* [Exercise aim]: Copy exactly the lines of the records below, and only those lines, beginning with the line that contains "#111=ORIENTED_EDGE('',*,*,#110,.F.);" and ending with the line that contains "#119=CARTESIAN_POINT('',(8.,1.5,1.75000000000006));".

* [Data]:
-------------------------
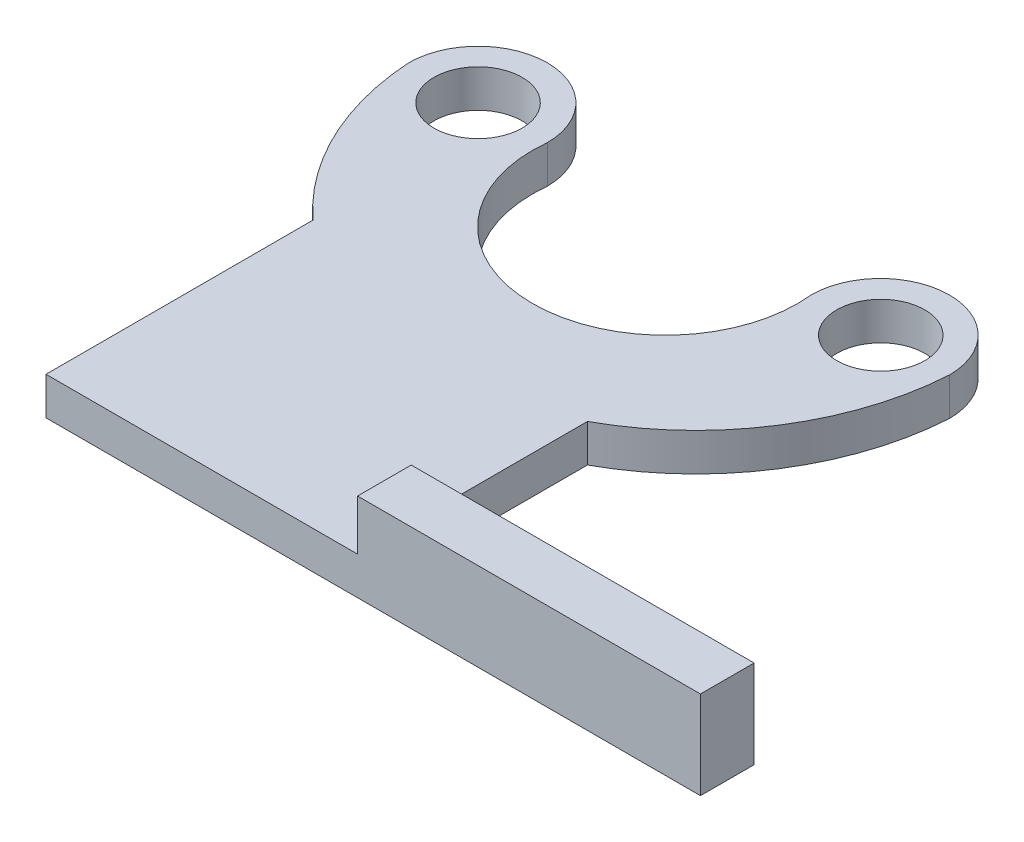
ISO-10303-21;
HEADER;
FILE_DESCRIPTION(('STEP AP214'),'2;1');
FILE_NAME('part.step','',(''),(''),'','','');
FILE_SCHEMA(('AUTOMOTIVE_DESIGN { 1 0 10303 214 1 1 1 1 }'));
ENDSEC;
DATA;
#1=APPLICATION_CONTEXT('core data for automotive mechanical design processes');
#2=APPLICATION_PROTOCOL_DEFINITION('international standard','automotive_design',2000,#1);
#3=PRODUCT_CONTEXT('',#1,'mechanical');
#4=PRODUCT('Part','Part','',(#3));
#5=PRODUCT_RELATED_PRODUCT_CATEGORY('part','',(#4));
#6=PRODUCT_DEFINITION_FORMATION('','',#4);
#7=PRODUCT_DEFINITION_CONTEXT('part definition',#1,'design');
#8=PRODUCT_DEFINITION('design','',#6,#7);
#9=PRODUCT_DEFINITION_SHAPE('','',#8);
#10=(LENGTH_UNIT() NAMED_UNIT(*) SI_UNIT(.MILLI.,.METRE.));
#11=(NAMED_UNIT(*) PLANE_ANGLE_UNIT() SI_UNIT($,.RADIAN.));
#12=(NAMED_UNIT(*) SI_UNIT($,.STERADIAN.) SOLID_ANGLE_UNIT());
#13=UNCERTAINTY_MEASURE_WITH_UNIT(LENGTH_MEASURE(1.E-05),#10,'distance_accuracy_value','');
#14=(GEOMETRIC_REPRESENTATION_CONTEXT(3) GLOBAL_UNCERTAINTY_ASSIGNED_CONTEXT((#13)) GLOBAL_UNIT_ASSIGNED_CONTEXT((#10,
#11,#12)) REPRESENTATION_CONTEXT('',''));
#15=CARTESIAN_POINT('',(0.,0.,0.));
#16=DIRECTION('',(0.,0.,1.));
#17=DIRECTION('',(1.,0.,0.));
#18=AXIS2_PLACEMENT_3D('',#15,#16,#17);
#19=CARTESIAN_POINT('',(-0.00974471247959803,1.5,0.557573359080302));
#20=DIRECTION('',(0.,1.,0.));
#21=DIRECTION('',(0.,0.,1.));
#22=AXIS2_PLACEMENT_3D('',#19,#20,#21);
#23=PLANE('',#22);
#24=DIRECTION('',(0.,0.,1.));
#25=VECTOR('',#24,1.);
#26=CARTESIAN_POINT('',(5.13878703281565,1.5,15.7927993639687));
#27=LINE('',#26,#25);
#28=CARTESIAN_POINT('',(5.13878703281565,1.5,15.7927993639687));
#29=VERTEX_POINT('',#28);
#30=CARTESIAN_POINT('',(5.13878703281565,1.5,17.9247339354452));
#31=VERTEX_POINT('',#30);
#32=EDGE_CURVE('E128',#29,#31,#27,.T.);
#33=ORIENTED_EDGE('',*,*,#32,.F.);
#34=DIRECTION('',(0.,0.,-1.));
#35=VECTOR('',#34,1.);
#36=CARTESIAN_POINT('',(5.13878703281565,1.5,15.7927993639687));
#37=LINE('',#36,#35);
#38=CARTESIAN_POINT('',(5.13878703281565,1.5,8.79279936396866));
#39=VERTEX_POINT('',#38);
#40=EDGE_CURVE('E121',#29,#39,#37,.T.);
#41=ORIENTED_EDGE('',*,*,#40,.T.);
#42=CARTESIAN_POINT('',(-0.00974471247960191,1.5,-0.655785681920986));
#43=DIRECTION('',(0.,1.,0.));
#44=DIRECTION('',(0.,0.,-1.));
#45=AXIS2_PLACEMENT_3D('',#42,#43,#44);
#46=CIRCLE('',#45,10.7602573622438);
#47=CARTESIAN_POINT('',(10.7305105750408,1.5,0.));
#48=VERTEX_POINT('',#47);
#49=EDGE_CURVE('E125',#39,#48,#46,.T.);
#50=ORIENTED_EDGE('',*,*,#49,.T.);
#51=CARTESIAN_POINT('',(7.9805105750408,1.5,0.));
#52=DIRECTION('',(0.,1.,0.));
#53=DIRECTION('',(0.,0.,1.));
#54=AXIS2_PLACEMENT_3D('',#51,#52,#53);
#55=CIRCLE('',#54,2.75);
#56=CARTESIAN_POINT('',(5.2305105750408,1.5,0.));
#57=VERTEX_POINT('',#56);
#58=EDGE_CURVE('E55',#48,#57,#55,.T.);
#59=ORIENTED_EDGE('',*,*,#58,.T.);
#60=CARTESIAN_POINT('',(-0.00974471247959803,1.5,0.557573359080302));
#61=DIRECTION('',(0.,-1.,0.));
#62=DIRECTION('',(0.,0.,1.));
#63=AXIS2_PLACEMENT_3D('',#60,#61,#62);
#64=CIRCLE('',#63,5.26983524686888);
#65=CARTESIAN_POINT('',(-5.25,1.5,0.));
#66=VERTEX_POINT('',#65);
#67=EDGE_CURVE('E167',#57,#66,#64,.T.);
#68=ORIENTED_EDGE('',*,*,#67,.T.);
#69=CARTESIAN_POINT('',(-8.,1.5,0.));
#70=DIRECTION('',(0.,1.,0.));
#71=DIRECTION('',(0.,0.,1.));
#72=AXIS2_PLACEMENT_3D('',#69,#70,#71);
#73=CIRCLE('',#72,2.75);
#74=CARTESIAN_POINT('',(-10.75,1.5,0.));
#75=VERTEX_POINT('',#74);
#76=EDGE_CURVE('E105',#66,#75,#73,.T.);
#77=ORIENTED_EDGE('',*,*,#76,.T.);
#78=CARTESIAN_POINT('',(-0.00974471247960191,1.5,-0.655785681920986));
#79=DIRECTION('',(0.,1.,0.));
#80=DIRECTION('',(0.,0.,-1.));
#81=AXIS2_PLACEMENT_3D('',#78,#79,#80);
#82=CIRCLE('',#81,10.7602573622438);
#83=CARTESIAN_POINT('',(-7.23910045960442,1.5,7.31412987492376));
#84=VERTEX_POINT('',#83);
#85=EDGE_CURVE('E188',#75,#84,#82,.T.);
#86=ORIENTED_EDGE('',*,*,#85,.T.);
#87=DIRECTION('',(0.,0.,1.));
#88=VECTOR('',#87,1.);
#89=CARTESIAN_POINT('',(-7.23910045960442,1.5,7.31412987492375));
#90=LINE('',#89,#88);
#91=CARTESIAN_POINT('',(-7.23910045960443,1.5,17.9247339354452));
#92=VERTEX_POINT('',#91);
#93=EDGE_CURVE('E208',#84,#92,#90,.T.);
#94=ORIENTED_EDGE('',*,*,#93,.T.);
#95=DIRECTION('',(1.,0.,0.));
#96=VECTOR('',#95,1.);
#97=CARTESIAN_POINT('',(-7.23910045960443,1.5,17.9247339354452));
#98=LINE('',#97,#96);
#99=EDGE_CURVE('E133',#92,#31,#98,.T.);
#100=ORIENTED_EDGE('',*,*,#99,.T.);
#101=EDGE_LOOP('',(#33,#41,#50,#59,#68,#77,#86,#94,#100));
#102=FACE_BOUND('',#101,.T.);
#103=CARTESIAN_POINT('',(-8.,1.5,0.));
#104=DIRECTION('',(0.,1.,0.));
#105=DIRECTION('',(0.,0.,1.));
#106=AXIS2_PLACEMENT_3D('',#103,#104,#105);
#107=CIRCLE('',#106,1.75);
#108=CARTESIAN_POINT('',(-8.,1.5,1.75));
#109=VERTEX_POINT('',#108);
#110=EDGE_CURVE('E152',#109,#109,#107,.T.);
#111=ORIENTED_EDGE('',*,*,#110,.F.);
#112=EDGE_LOOP('',(#111));
#113=FACE_BOUND('',#112,.T.);
#114=CARTESIAN_POINT('',(8.,1.5,0.));
#115=DIRECTION('',(0.,1.,0.));
#116=DIRECTION('',(0.,0.,1.));
#117=AXIS2_PLACEMENT_3D('',#114,#115,#116);
#118=CIRCLE('',#117,1.75);
#119=CARTESIAN_POINT('',(8.,1.5,1.75000000000006));
#120=VERTEX_POINT('',#119);
#121=EDGE_CURVE('E217',#120,#120,#118,.T.);
#122=ORIENTED_EDGE('',*,*,#121,.F.);
#123=EDGE_LOOP('',(#122));
#124=FACE_BOUND('',#123,.T.);
#125=ADVANCED_FACE('F38',(#102,#113,#124),#23,.T.);
#126=CARTESIAN_POINT('',(-0.00974471247959803,0.,0.557573359080302));
#127=DIRECTION('',(0.,1.,0.));
#128=DIRECTION('',(0.,0.,1.));
#129=AXIS2_PLACEMENT_3D('',#126,#127,#128);
#130=PLANE('',#129);
#131=CARTESIAN_POINT('',(-0.00974471247959803,0.,0.557573359080302));
#132=DIRECTION('',(0.,-1.,0.));
#133=DIRECTION('',(0.,0.,1.));
#134=AXIS2_PLACEMENT_3D('',#131,#132,#133);
#135=CIRCLE('',#134,5.26983524686888);
#136=CARTESIAN_POINT('',(5.2305105750408,0.,0.));
#137=VERTEX_POINT('',#136);
#138=CARTESIAN_POINT('',(-5.25,0.,0.));
#139=VERTEX_POINT('',#138);
#140=EDGE_CURVE('E148',#137,#139,#135,.T.);
#141=ORIENTED_EDGE('',*,*,#140,.F.);
#142=CARTESIAN_POINT('',(7.9805105750408,0.,0.));
#143=DIRECTION('',(0.,1.,0.));
#144=DIRECTION('',(0.,0.,1.));
#145=AXIS2_PLACEMENT_3D('',#142,#143,#144);
#146=CIRCLE('',#145,2.75);
#147=CARTESIAN_POINT('',(10.7305105750408,0.,0.));
#148=VERTEX_POINT('',#147);
#149=EDGE_CURVE('E97',#148,#137,#146,.T.);
#150=ORIENTED_EDGE('',*,*,#149,.F.);
#151=CARTESIAN_POINT('',(-0.00974471247960191,0.,-0.655785681920986));
#152=DIRECTION('',(0.,1.,0.));
#153=DIRECTION('',(0.,0.,-1.));
#154=AXIS2_PLACEMENT_3D('',#151,#152,#153);
#155=CIRCLE('',#154,10.7602573622438);
#156=CARTESIAN_POINT('',(5.13878703281565,0.,8.79279936396866));
#157=VERTEX_POINT('',#156);
#158=EDGE_CURVE('E91',#157,#148,#155,.T.);
#159=ORIENTED_EDGE('',*,*,#158,.F.);
#160=DIRECTION('',(0.,0.,-1.));
#161=VECTOR('',#160,1.);
#162=CARTESIAN_POINT('',(5.13878703281565,0.,15.7927993639687));
#163=LINE('',#162,#161);
#164=CARTESIAN_POINT('',(5.13878703281565,0.,15.7927993639687));
#165=VERTEX_POINT('',#164);
#166=EDGE_CURVE('E138',#165,#157,#163,.T.);
#167=ORIENTED_EDGE('',*,*,#166,.F.);
#168=DIRECTION('',(-1.,0.,0.));
#169=VECTOR('',#168,1.);
#170=CARTESIAN_POINT('',(18.7608995403956,0.,15.7927993639687));
#171=LINE('',#170,#169);
#172=CARTESIAN_POINT('',(18.7608995403956,0.,15.7927993639687));
#173=VERTEX_POINT('',#172);
#174=EDGE_CURVE('E162',#173,#165,#171,.T.);
#175=ORIENTED_EDGE('',*,*,#174,.F.);
#176=DIRECTION('',(0.,0.,-1.));
#177=VECTOR('',#176,1.);
#178=CARTESIAN_POINT('',(18.7608995403956,0.,15.7927993639687));
#179=LINE('',#178,#177);
#180=CARTESIAN_POINT('',(18.7608995403956,0.,17.9247339354452));
#181=VERTEX_POINT('',#180);
#182=EDGE_CURVE('E160',#181,#173,#179,.T.);
#183=ORIENTED_EDGE('',*,*,#182,.F.);
#184=DIRECTION('',(1.,0.,0.));
#185=VECTOR('',#184,1.);
#186=CARTESIAN_POINT('',(-7.23910045960443,0.,17.9247339354452));
#187=LINE('',#186,#185);
#188=CARTESIAN_POINT('',(-7.23910045960443,0.,17.9247339354452));
#189=VERTEX_POINT('',#188);
#190=EDGE_CURVE('E158',#189,#181,#187,.T.);
#191=ORIENTED_EDGE('',*,*,#190,.F.);
#192=DIRECTION('',(0.,0.,1.));
#193=VECTOR('',#192,1.);
#194=CARTESIAN_POINT('',(-7.23910045960442,0.,7.31412987492375));
#195=LINE('',#194,#193);
#196=CARTESIAN_POINT('',(-7.23910045960442,0.,7.31412987492376));
#197=VERTEX_POINT('',#196);
#198=EDGE_CURVE('E156',#197,#189,#195,.T.);
#199=ORIENTED_EDGE('',*,*,#198,.F.);
#200=CARTESIAN_POINT('',(-0.00974471247960191,0.,-0.655785681920986));
#201=DIRECTION('',(0.,1.,0.));
#202=DIRECTION('',(0.,0.,-1.));
#203=AXIS2_PLACEMENT_3D('',#200,#201,#202);
#204=CIRCLE('',#203,10.7602573622438);
#205=CARTESIAN_POINT('',(-10.75,0.,0.));
#206=VERTEX_POINT('',#205);
#207=EDGE_CURVE('E154',#206,#197,#204,.T.);
#208=ORIENTED_EDGE('',*,*,#207,.F.);
#209=CARTESIAN_POINT('',(-8.,0.,0.));
#210=DIRECTION('',(0.,1.,0.));
#211=DIRECTION('',(0.,0.,1.));
#212=AXIS2_PLACEMENT_3D('',#209,#210,#211);
#213=CIRCLE('',#212,2.75);
#214=EDGE_CURVE('E151',#139,#206,#213,.T.);
#215=ORIENTED_EDGE('',*,*,#214,.F.);
#216=EDGE_LOOP('',(#141,#150,#159,#167,#175,#183,#191,#199,#208,#215));
#217=FACE_BOUND('',#216,.T.);
#218=CARTESIAN_POINT('',(-8.,0.,0.));
#219=DIRECTION('',(0.,1.,0.));
#220=DIRECTION('',(0.,0.,1.));
#221=AXIS2_PLACEMENT_3D('',#218,#219,#220);
#222=CIRCLE('',#221,1.75);
#223=CARTESIAN_POINT('',(-8.,0.,1.75));
#224=VERTEX_POINT('',#223);
#225=EDGE_CURVE('E214',#224,#224,#222,.T.);
#226=ORIENTED_EDGE('',*,*,#225,.T.);
#227=EDGE_LOOP('',(#226));
#228=FACE_BOUND('',#227,.T.);
#229=CARTESIAN_POINT('',(8.,0.,0.));
#230=DIRECTION('',(0.,1.,0.));
#231=DIRECTION('',(0.,0.,1.));
#232=AXIS2_PLACEMENT_3D('',#229,#230,#231);
#233=CIRCLE('',#232,1.75);
#234=CARTESIAN_POINT('',(8.,0.,1.75000000000006));
#235=VERTEX_POINT('',#234);
#236=EDGE_CURVE('E220',#235,#235,#233,.T.);
#237=ORIENTED_EDGE('',*,*,#236,.T.);
#238=EDGE_LOOP('',(#237));
#239=FACE_BOUND('',#238,.T.);
#240=ADVANCED_FACE('F192',(#217,#228,#239),#130,.F.);
#241=CARTESIAN_POINT('',(-0.00974471247959803,1.5,0.557573359080302));
#242=DIRECTION('',(0.,-1.,0.));
#243=DIRECTION('',(0.,0.,-1.));
#244=AXIS2_PLACEMENT_3D('',#241,#242,#243);
#245=CYLINDRICAL_SURFACE('',#244,5.26983524686888);
#246=ORIENTED_EDGE('',*,*,#140,.T.);
#247=DIRECTION('',(0.,-1.,0.));
#248=VECTOR('',#247,1.);
#249=CARTESIAN_POINT('',(-5.25,1.5,0.));
#250=LINE('',#249,#248);
#251=EDGE_CURVE('E11',#66,#139,#250,.T.);
#252=ORIENTED_EDGE('',*,*,#251,.F.);
#253=ORIENTED_EDGE('',*,*,#67,.F.);
#254=DIRECTION('',(0.,-1.,0.));
#255=VECTOR('',#254,1.);
#256=CARTESIAN_POINT('',(5.2305105750408,1.5,0.));
#257=LINE('',#256,#255);
#258=EDGE_CURVE('E144',#57,#137,#257,.T.);
#259=ORIENTED_EDGE('',*,*,#258,.T.);
#260=EDGE_LOOP('',(#246,#252,#253,#259));
#261=FACE_BOUND('',#260,.T.);
#262=ADVANCED_FACE('F40',(#261),#245,.F.);
#263=CARTESIAN_POINT('',(-8.,1.5,0.));
#264=DIRECTION('',(0.,-1.,0.));
#265=DIRECTION('',(0.,0.,-1.));
#266=AXIS2_PLACEMENT_3D('',#263,#264,#265);
#267=CYLINDRICAL_SURFACE('',#266,2.75);
#268=ORIENTED_EDGE('',*,*,#214,.T.);
#269=DIRECTION('',(0.,-1.,0.));
#270=VECTOR('',#269,1.);
#271=CARTESIAN_POINT('',(-10.75,1.5,0.));
#272=LINE('',#271,#270);
#273=EDGE_CURVE('E47',#75,#206,#272,.T.);
#274=ORIENTED_EDGE('',*,*,#273,.F.);
#275=ORIENTED_EDGE('',*,*,#76,.F.);
#276=ORIENTED_EDGE('',*,*,#251,.T.);
#277=EDGE_LOOP('',(#268,#274,#275,#276));
#278=FACE_BOUND('',#277,.T.);
#279=ADVANCED_FACE('F338',(#278),#267,.T.);
#280=CARTESIAN_POINT('',(-0.00974471247960191,1.5,-0.655785681920986));
#281=DIRECTION('',(0.,-1.,0.));
#282=DIRECTION('',(0.,0.,-1.));
#283=AXIS2_PLACEMENT_3D('',#280,#281,#282);
#284=CYLINDRICAL_SURFACE('',#283,10.7602573622438);
#285=ORIENTED_EDGE('',*,*,#207,.T.);
#286=DIRECTION('',(0.,-1.,0.));
#287=VECTOR('',#286,1.);
#288=CARTESIAN_POINT('',(-7.23910045960442,1.5,7.31412987492376));
#289=LINE('',#288,#287);
#290=EDGE_CURVE('E180',#84,#197,#289,.T.);
#291=ORIENTED_EDGE('',*,*,#290,.F.);
#292=ORIENTED_EDGE('',*,*,#85,.F.);
#293=ORIENTED_EDGE('',*,*,#273,.T.);
#294=EDGE_LOOP('',(#285,#291,#292,#293));
#295=FACE_BOUND('',#294,.T.);
#296=ADVANCED_FACE('F186',(#295),#284,.T.);
#297=CARTESIAN_POINT('',(-7.23910045960442,1.5,7.31412987492375));
#298=DIRECTION('',(1.,0.,0.));
#299=DIRECTION('',(0.,0.,-1.));
#300=AXIS2_PLACEMENT_3D('',#297,#298,#299);
#301=PLANE('',#300);
#302=ORIENTED_EDGE('',*,*,#198,.T.);
#303=DIRECTION('',(0.,-1.,0.));
#304=VECTOR('',#303,1.);
#305=CARTESIAN_POINT('',(-7.23910045960443,1.5,17.9247339354452));
#306=LINE('',#305,#304);
#307=EDGE_CURVE('E177',#92,#189,#306,.T.);
#308=ORIENTED_EDGE('',*,*,#307,.F.);
#309=ORIENTED_EDGE('',*,*,#93,.F.);
#310=ORIENTED_EDGE('',*,*,#290,.T.);
#311=EDGE_LOOP('',(#302,#308,#309,#310));
#312=FACE_BOUND('',#311,.T.);
#313=ADVANCED_FACE('F198',(#312),#301,.F.);
#314=CARTESIAN_POINT('',(-7.23910045960443,1.5,17.9247339354452));
#315=DIRECTION('',(0.,0.,-1.));
#316=DIRECTION('',(-1.,0.,0.));
#317=AXIS2_PLACEMENT_3D('',#314,#315,#316);
#318=PLANE('',#317);
#319=ORIENTED_EDGE('',*,*,#190,.T.);
#320=DIRECTION('',(0.,-1.,0.));
#321=VECTOR('',#320,1.);
#322=CARTESIAN_POINT('',(18.7608995403956,1.5,17.9247339354452));
#323=LINE('',#322,#321);
#324=CARTESIAN_POINT('',(18.7608995403956,3.5,17.9247339354452));
#325=VERTEX_POINT('',#324);
#326=EDGE_CURVE('E174',#325,#181,#323,.T.);
#327=ORIENTED_EDGE('',*,*,#326,.F.);
#328=DIRECTION('',(1.,0.,0.));
#329=VECTOR('',#328,1.);
#330=CARTESIAN_POINT('',(5.13878703281565,3.5,17.9247339354452));
#331=LINE('',#330,#329);
#332=CARTESIAN_POINT('',(5.13878703281565,3.5,17.9247339354452));
#333=VERTEX_POINT('',#332);
#334=EDGE_CURVE('E236',#333,#325,#331,.T.);
#335=ORIENTED_EDGE('',*,*,#334,.F.);
#336=DIRECTION('',(0.,-1.,0.));
#337=VECTOR('',#336,1.);
#338=CARTESIAN_POINT('',(5.13878703281565,3.5,17.9247339354452));
#339=LINE('',#338,#337);
#340=EDGE_CURVE('E207',#333,#31,#339,.T.);
#341=ORIENTED_EDGE('',*,*,#340,.T.);
#342=ORIENTED_EDGE('',*,*,#99,.F.);
#343=ORIENTED_EDGE('',*,*,#307,.T.);
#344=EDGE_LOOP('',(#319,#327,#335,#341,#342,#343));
-------------------------
* [The answer]:
#111=ORIENTED_EDGE('',*,*,#110,.F.);
#112=EDGE_LOOP('',(#111));
#113=FACE_BOUND('',#112,.T.);
#114=CARTESIAN_POINT('',(8.,1.5,0.));
#115=DIRECTION('',(0.,1.,0.));
#116=DIRECTION('',(0.,0.,1.));
#117=AXIS2_PLACEMENT_3D('',#114,#115,#116);
#118=CIRCLE('',#117,1.75);
#119=CARTESIAN_POINT('',(8.,1.5,1.75000000000006));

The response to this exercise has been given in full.